_Record extracts_.
Start of Block

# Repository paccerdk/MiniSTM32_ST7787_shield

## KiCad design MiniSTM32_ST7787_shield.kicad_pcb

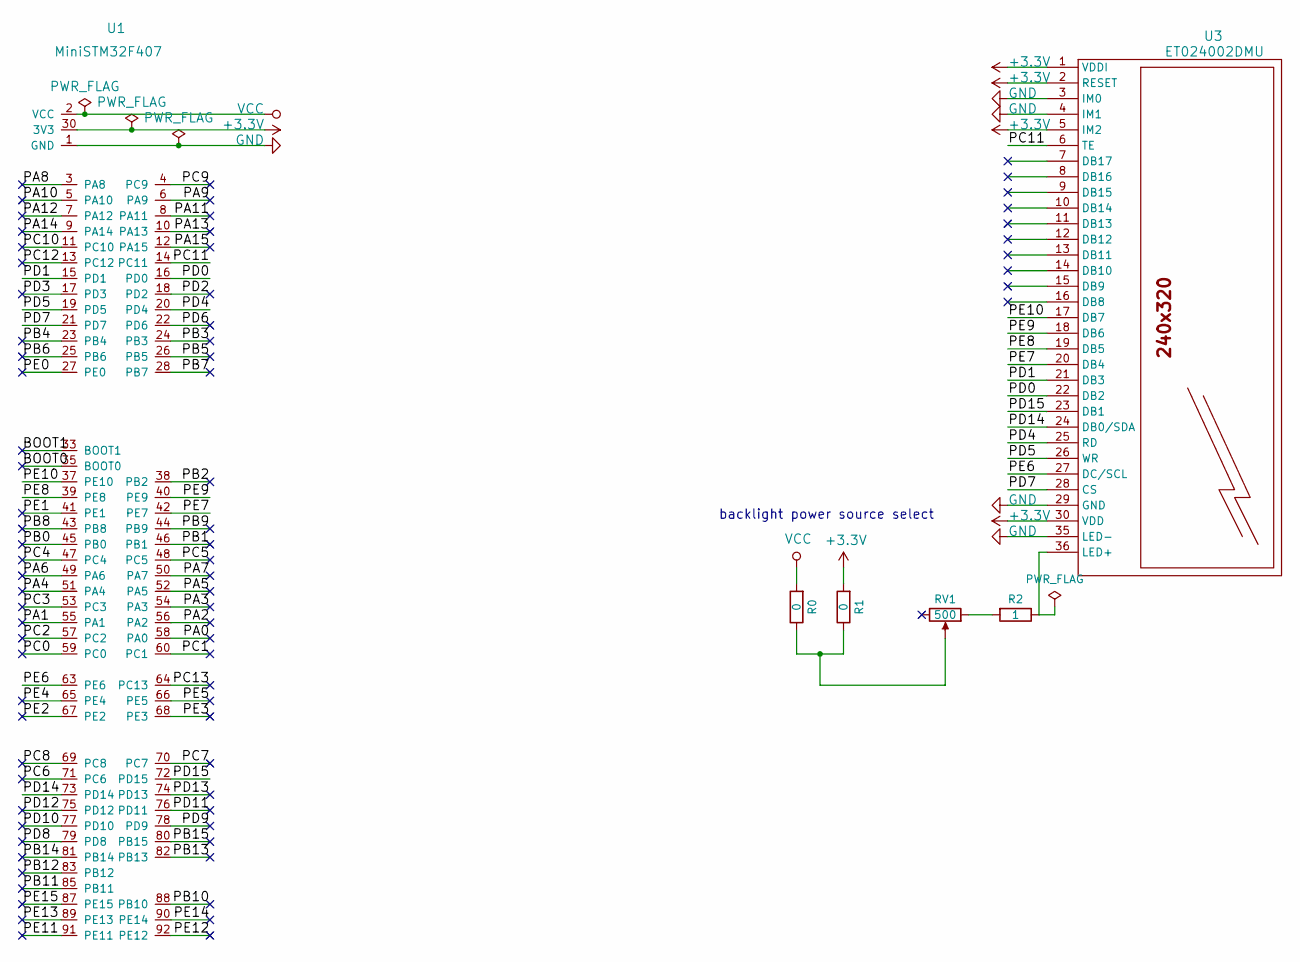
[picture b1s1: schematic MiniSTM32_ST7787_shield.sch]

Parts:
R0, R1: 0; R_0805_HandSoldering
R2: 1; R_0805_HandSoldering
RV1: 500; Potentiometer_Trimmer_Bourns_3296W
U1: MiniSTM32F407; MiniSTM32F407_PinsRemoved
U3: ET024002DMU; ET024002DMUrev2

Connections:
+3V3: R1.2, U1.30 (3V3), U1.61 (3V3), U1.84 (3V3), U3.1 (VDDI), U3.2 (RESET), U3.5 (IM2), U3.30 (VDD)
/BOOT0: U1.35 (BOOT0)
/BOOT1: U1.33 (BOOT1)
/PA0: U1.58 (PA0)
/PA1: U1.55 (PA1)
/PA2: U1.56 (PA2)
/PA3: U1.54 (PA3)
/PA4: U1.51 (PA4)
/PA5: U1.52 (PA5)
/PA6: U1.49 (PA6)
/PA7: U1.50 (PA7)
/PA8: U1.3 (PA8)
/PA9: U1.6 (PA9)
/PA10: U1.5 (PA10)
/PA11: U1.8 (PA11)
/PA12: U1.7 (PA12)
/PA13: U1.10 (PA13)
/PA14: U1.9 (PA14)
/PA15: U1.12 (PA15)
/PB0: U1.45 (PB0)
/PB1: U1.46 (PB1)
/PB2: U1.38 (PB2)
/PB3: U1.24 (PB3)
/PB4: U1.23 (PB4)
/PB5: U1.26 (PB5)
/PB6: U1.25 (PB6)
/PB7: U1.28 (PB7)
/PB8: U1.43 (PB8)
/PB9: U1.44 (PB9)
/PB10: U1.88 (PB10)
/PB11: U1.85 (PB11)
/PB12: U1.83 (PB12)
/PB13: U1.82 (PB13)
/PB14: U1.81 (PB14)
/PB15: U1.80 (PB15)
/PC0: U1.59 (PC0)
/PC1: U1.60 (PC1)
/PC2: U1.57 (PC2)
/PC3: U1.53 (PC3)
/PC4: U1.47 (PC4)
/PC5: U1.48 (PC5)
/PC6: U1.71 (PC6)
/PC7: U1.70 (PC7)
/PC8: U1.69 (PC8)
/PC9: U1.4 (PC9)
/PC10: U1.11 (PC10)
/PC11: U1.14 (PC11), U3.6 (TE)
/PC12: U1.13 (PC12)
/PC13: U1.64 (PC13)
/PD0: U1.16 (PD0), U3.22 (DB2)
/PD1: U1.15 (PD1), U3.21 (DB3)
/PD2: U1.18 (PD2)
/PD3: U1.17 (PD3)
/PD4: U1.20 (PD4), U3.25 (RD)
/PD5: U1.19 (PD5), U3.26 (WR)
/PD6: U1.22 (PD6)
/PD7: U1.21 (PD7), U3.28 (CS)
/PD8: U1.79 (PD8)
/PD9: U1.78 (PD9)
/PD10: U1.77 (PD10)
/PD11: U1.76 (PD11)
/PD12: U1.75 (PD12)
/PD13: U1.74 (PD13)
/PD14: U1.73 (PD14), U3.24 (DB0/SDA)
/PD15: U1.72 (PD15), U3.23 (DB1)
/PE0: U1.27 (PE0)
/PE1: U1.41 (PE1)
/PE2: U1.67 (PE2)
/PE3: U1.68 (PE3)
/PE4: U1.65 (PE4)
/PE5: U1.66 (PE5)
/PE6: U1.63 (PE6), U3.27 (DC/SCL)
/PE7: U1.42 (PE7), U3.20 (DB4)
/PE8: U1.39 (PE8), U3.19 (DB5)
/PE9: U1.40 (PE9), U3.18 (DB6)
/PE10: U1.37 (PE10), U3.17 (DB7)
/PE11: U1.91 (PE11)
/PE12: U1.92 (PE12)
/PE13: U1.89 (PE13)
/PE14: U1.90 (PE14)
/PE15: U1.87 (PE15)
GND: U1.1 (GND), U1.29 (GND), U1.31 (GND), U1.34 (GND), U1.36 (GND), U1.62 (GND), U1.86 (GND), U3.3 (IM0), U3.4 (IM1), U3.29 (GND), U3.35 (LED-)
unnamed: R0.1, R1.1, RV1.2
unnamed: R2.1, U3.36 (LED+)
unnamed: R2.2, RV1.1
VCC: R0.2, U1.2 (VCC), U1.32 (VCC)

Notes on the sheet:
backlight power source select

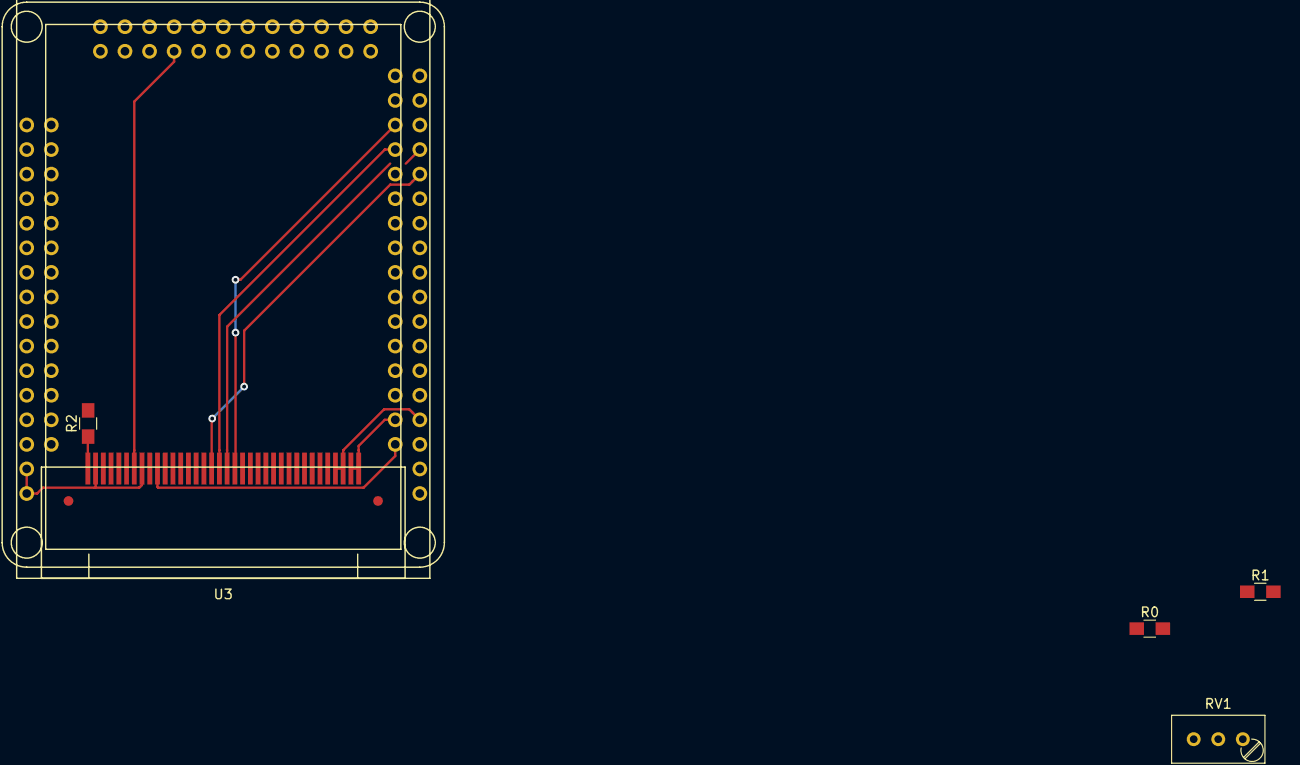
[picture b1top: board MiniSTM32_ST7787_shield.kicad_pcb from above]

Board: 2 copper layers, 6 parts (0 on the bottom side), 19 nets.

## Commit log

2017-11-01 schematic
2017-11-05 WIP
    work in progress
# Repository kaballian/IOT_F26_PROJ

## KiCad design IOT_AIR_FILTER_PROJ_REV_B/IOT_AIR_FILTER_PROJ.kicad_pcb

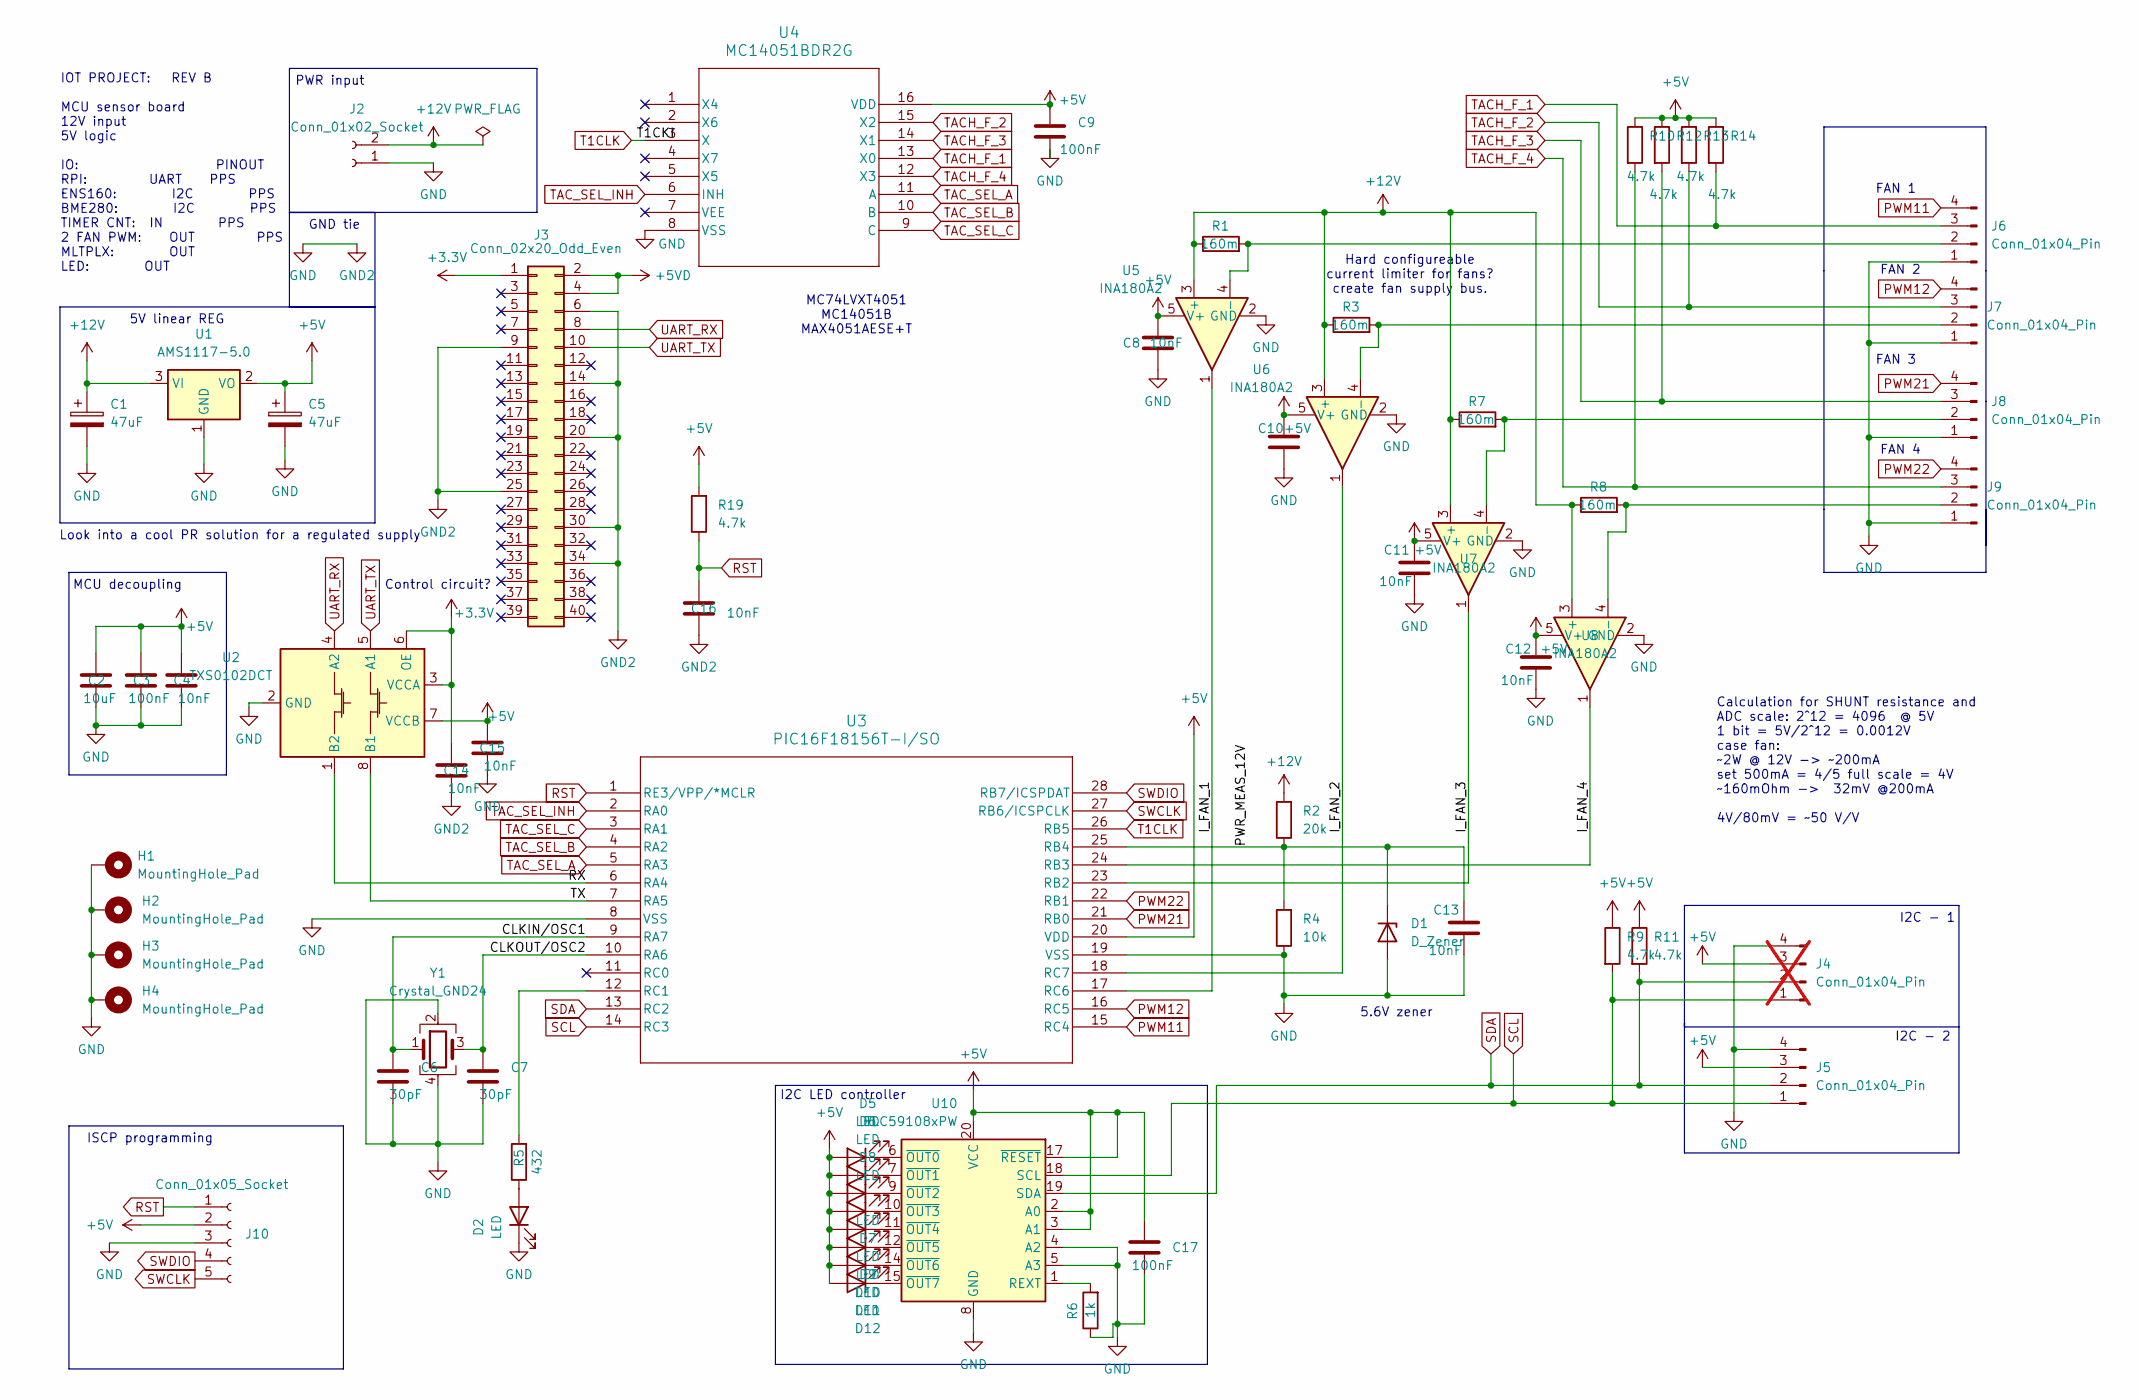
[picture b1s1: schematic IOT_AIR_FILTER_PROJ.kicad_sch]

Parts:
C1, C5: 47uF; CP_Elec_6.3x5.4
C2: 10uF; C_0805_2012Metric
C3, C9, C17: 100nF; C_0805_2012Metric
C4, C8, C10, C11, C12, C13, C14, C15, C16: 10nF; C_0805_2012Metric
C6, C7: 30pF; C_0805_2012Metric
D1: D_Zener; D_SOD-323
D2, D5, D6, D7, D8, D9, D10, D11, D12: LED; LED_0805_2012Metric_Pad1.15x1.40mm_HandSolder
H1, H2, H3, H4: MountingHole_Pad; MountingHole_2.5mm_Pad
J2: Conn_01x02_Socket; PinSocket_1x02_P2.54mm_Horizontal
J3: Conn_02x20_Odd_Even; PinSocket_2x20_P2.54mm_Vertical
J4: Conn_01x04_Pin; JST_GH_SM04B-GHS-TB_1x04-1MP_P1.25mm_Horizontal; not fitted
J5: Conn_01x04_Pin; JST_GH_SM04B-GHS-TB_1x04-1MP_P1.25mm_Horizontal
J6, J7, J8, J9: Conn_01x04_Pin; FanPinHeader_1x04_P2.54mm_Vertical
J10: Conn_01x05_Socket; JST_GH_SM05B-GHS-TB_1x05-1MP_P1.25mm_Horizontal
R1, R3, R7, R8: 160m; R_1210_3225Metric
R2: 20k; R_0805_2012Metric
R4: 10k; R_0805_2012Metric
R5: 432; R_0402_1005Metric
R6: 1k; R_1210_3225Metric
R9, R10, R11, R12, R13, R14, R19: 4.7k; R_0805_2012Metric
U1: AMS1117-5.0; SOT-223-3_TabPin2
U2: TXS0102DCT; SSOP-8_2.95x2.8mm_P0.65mm
U3: PIC16F18156T-I/SO; SOIC28_SO_MCH
U4: MC14051BDR2G; SOIC-16_ONS
U5, U6, U7, U8: INA180A2; SOT-23-5
U10: TLC59108xPW; TSSOP-20_4.4x6.5mm_P0.65mm
Y1: Crystal_GND24; Crystal_SMD_SeikoEpson_FA238-4Pin_3.2x2.5mm_HandSoldering

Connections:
+3.3V: C14.1, J3.1, U2.3 (VCCA), U2.6 (OE)
+5V: C2.1, C3.1, C4.1, C5.1, C8.1, C9.1, C10.1, C11.1, C12.1, C15.1, C17.1, D5.2 (A), D6.2 (A), D7.2 (A), D8.2 (A), D9.2 (A), D10.2 (A), D11.2 (A), D12.2 (A), J4.3, J5.3, J10.2, R9.1, R10.1, R11.1, R12.1, R13.1, R14.1, R19.2, U1.2 (VO), U2.7 (VCCB), U3.20 (VDD), U4.16 (VDD), U5.5 (V+), U6.5 (V+), U7.5 (V+), U8.5 (V+), U10.2 (A0), U10.3 (A1), U10.17 (~RESET), U10.20 (VCC)
+5VD: J3.2, J3.4
+12V: C1.1, J2.2, R1.1, R2.2, R3.1, R7.1, R8.1, U1.3 (VI), U5.3 (+), U6.3 (+), U7.3 (+), U8.3 (+)
/CLKIN/OSC1: C6.1, U3.9 (RA7), Y1.1
/CLKOUT/OSC2: C7.1, U3.10 (RA6), Y1.3
/I_FAN_1: U3.17 (RC6), U5.1
/I_FAN_2: U3.18 (RC7), U6.1
/I_FAN_3: U3.23 (RB2), U7.1
/I_FAN_4: U3.24 (RB3), U8.1
/PWR_MEAS_12V: C13.1, D1.1 (K), R2.1, R4.2, U3.25 (RB4)
/RX: U2.1 (B2), U3.6 (RA4)
/TX: U2.8 (B1), U3.7 (RA5)
GND: C1.2, C2.2, C3.2, C4.2, C5.2, C6.2, C7.2, C8.2, C9.2, C10.2, C11.2, C12.2, C13.2, C14.2, C15.2, C16.2, C17.2, D1.2 (A), D2.1 (K), H1.1, H2.1, H3.1, H4.1, J2.1, J3.6, J3.9, J3.14, J3.20, J3.25, J3.30, J3.34, J4.4, J5.4, J6.1, J7.1, J8.1, J9.1, J10.3, R4.1, R6.1, U1.1 (GND), U2.2 (GND), U3.8 (VSS), U3.19 (VSS), U4.8 (VSS), U5.2 (GND), U6.2 (GND), U7.2 (GND), U8.2 (GND), U10.4 (A2), U10.5 (A3), U10.8 (GND), U10.13 (GND), U10.16 (GND), Y1.2, Y1.4
unnamed: D2.2 (A), R5.1
unnamed: D5.1 (K), U10.6 (~OUT0)
unnamed: D6.1 (K), U10.7 (~OUT1)
unnamed: D7.1 (K), U10.9 (~OUT2)
unnamed: D8.1 (K), U10.10 (~OUT3)
unnamed: D9.1 (K), U10.11 (~OUT4)
unnamed: D10.1 (K), U10.12 (~OUT5)
unnamed: D11.1 (K), U10.14 (~OUT6)
unnamed: D12.1 (K), U10.15 (~OUT7)
unnamed: J6.2, R1.2, U5.4 (-)
unnamed: J7.2, R3.2, U6.4 (-)
unnamed: J8.2, R7.2, U7.4 (-)
unnamed: J9.2, R8.2, U8.4 (-)
unnamed: R5.2, U3.12 (RC1)
unnamed: R6.2, U10.1 (REXT)
PWM11: J6.4, U3.15 (RC4)
PWM12: J7.4, U3.16 (RC5)
PWM21: J8.4, U3.21 (RB0)
PWM22: J9.4, U3.22 (RB1)
RST: C16.1, J10.1, R19.1, U3.1 (RE3/VPP/*MCLR)
SCL: J4.1, J5.1, R9.2, U3.14 (RC3), U10.18 (SCL)
SDA: J4.2, J5.2, R11.2, U3.13 (RC2), U10.19 (SDA)
SWCLK: J10.5, U3.27 (RB6/ICSPCLK)
SWDIO: J10.4, U3.28 (RB7/ICSPDAT)
T1CLK: U3.26 (RB5), U4.3 (X)
TACH_F_1: J6.3, R14.2, U4.13 (X0)
TACH_F_2: J7.3, R13.2, U4.15 (X2)
TACH_F_3: J8.3, R12.2, U4.14 (X1)
TACH_F_4: J9.3, R10.2, U4.12 (X3)
TAC_SEL_A: U3.5 (RA3), U4.11 (A)
TAC_SEL_B: U3.4 (RA2), U4.10 (B)
TAC_SEL_C: U3.3 (RA1), U4.9 (C)
TAC_SEL_INH: U3.2 (RA0), U4.6 (INH)
UART_RX: J3.8, U2.4 (A2)
UART_TX: J3.10, U2.5 (A1)

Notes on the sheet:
GND tie
5.6V zener
Calculation for SHUNT resistance and ADC scale: 2^12 = 4096 @ 5V 1 bit = 5V/2^12 = 0.0012V case fan: ~2W @ 12V -> ~200mA set 500mA = 4/5 full scale = 4V ~160mOhm -> 32mV @200mA 4V/80mV = ~50 V/V
MCU decoupling
FAN 1
FAN 2
FAN 4
5V linear REG
Look into a cool PR solution for a regulated supply
MC74LVXT4051 MC14051B MAX4051AESE+T
PWR input
Control circuit?
Hard configureable current limiter for fans? create fan supply bus.
IOT PROJECT: REV B MCU sensor board 12V input 5V logic IO: PINOUT RPI: UART PPS ENS160: I2C PPS BME280: I2C PPS TIMER CNT: IN PPS 2 FAN PWM: OUT PPS MLTPLX: OUT LED: OUT
I2C - 1
ISCP programming
I2C LED controller
I2C - 2
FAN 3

End of Block

_Problem description_. Only the lines starting at the one that includes "(PD15), U3.23 (DB1)" and ending at the one that includes "JST_GH_SM04B-GHS-TB_1x04-1MP_P1.25mm_Horizontal; not fitted" should be retyped, exactly, from the records above; no pictures.

_Output below_.
/PD15: U1.72 (PD15), U3.23 (DB1)
/PE0: U1.27 (PE0)
/PE1: U1.41 (PE1)
/PE2: U1.67 (PE2)
/PE3: U1.68 (PE3)
/PE4: U1.65 (PE4)
/PE5: U1.66 (PE5)
/PE6: U1.63 (PE6), U3.27 (DC/SCL)
/PE7: U1.42 (PE7), U3.20 (DB4)
/PE8: U1.39 (PE8), U3.19 (DB5)
/PE9: U1.40 (PE9), U3.18 (DB6)
/PE10: U1.37 (PE10), U3.17 (DB7)
/PE11: U1.91 (PE11)
/PE12: U1.92 (PE12)
/PE13: U1.89 (PE13)
/PE14: U1.90 (PE14)
/PE15: U1.87 (PE15)
GND: U1.1 (GND), U1.29 (GND), U1.31 (GND), U1.34 (GND), U1.36 (GND), U1.62 (GND), U1.86 (GND), U3.3 (IM0), U3.4 (IM1), U3.29 (GND), U3.35 (LED-)
unnamed: R0.1, R1.1, RV1.2
unnamed: R2.1, U3.36 (LED+)
unnamed: R2.2, RV1.1
VCC: R0.2, U1.2 (VCC), U1.32 (VCC)

Notes on the sheet:
backlight power source select

[picture b1top: board MiniSTM32_ST7787_shield.kicad_pcb from above]

Board: 2 copper layers, 6 parts (0 on the bottom side), 19 nets.

## Commit log

2017-11-01 schematic
2017-11-05 WIP
    work in progress
# Repository kaballian/IOT_F26_PROJ

## KiCad design IOT_AIR_FILTER_PROJ_REV_B/IOT_AIR_FILTER_PROJ.kicad_pcb

[picture b1s1: schematic IOT_AIR_FILTER_PROJ.kicad_sch]

Parts:
C1, C5: 47uF; CP_Elec_6.3x5.4
C2: 10uF; C_0805_2012Metric
C3, C9, C17: 100nF; C_0805_2012Metric
C4, C8, C10, C11, C12, C13, C14, C15, C16: 10nF; C_0805_2012Metric
C6, C7: 30pF; C_0805_2012Metric
D1: D_Zener; D_SOD-323
D2, D5, D6, D7, D8, D9, D10, D11, D12: LED; LED_0805_2012Metric_Pad1.15x1.40mm_HandSolder
H1, H2, H3, H4: MountingHole_Pad; MountingHole_2.5mm_Pad
J2: Conn_01x02_Socket; PinSocket_1x02_P2.54mm_Horizontal
J3: Conn_02x20_Odd_Even; PinSocket_2x20_P2.54mm_Vertical
J4: Conn_01x04_Pin; JST_GH_SM04B-GHS-TB_1x04-1MP_P1.25mm_Horizontal; not fitted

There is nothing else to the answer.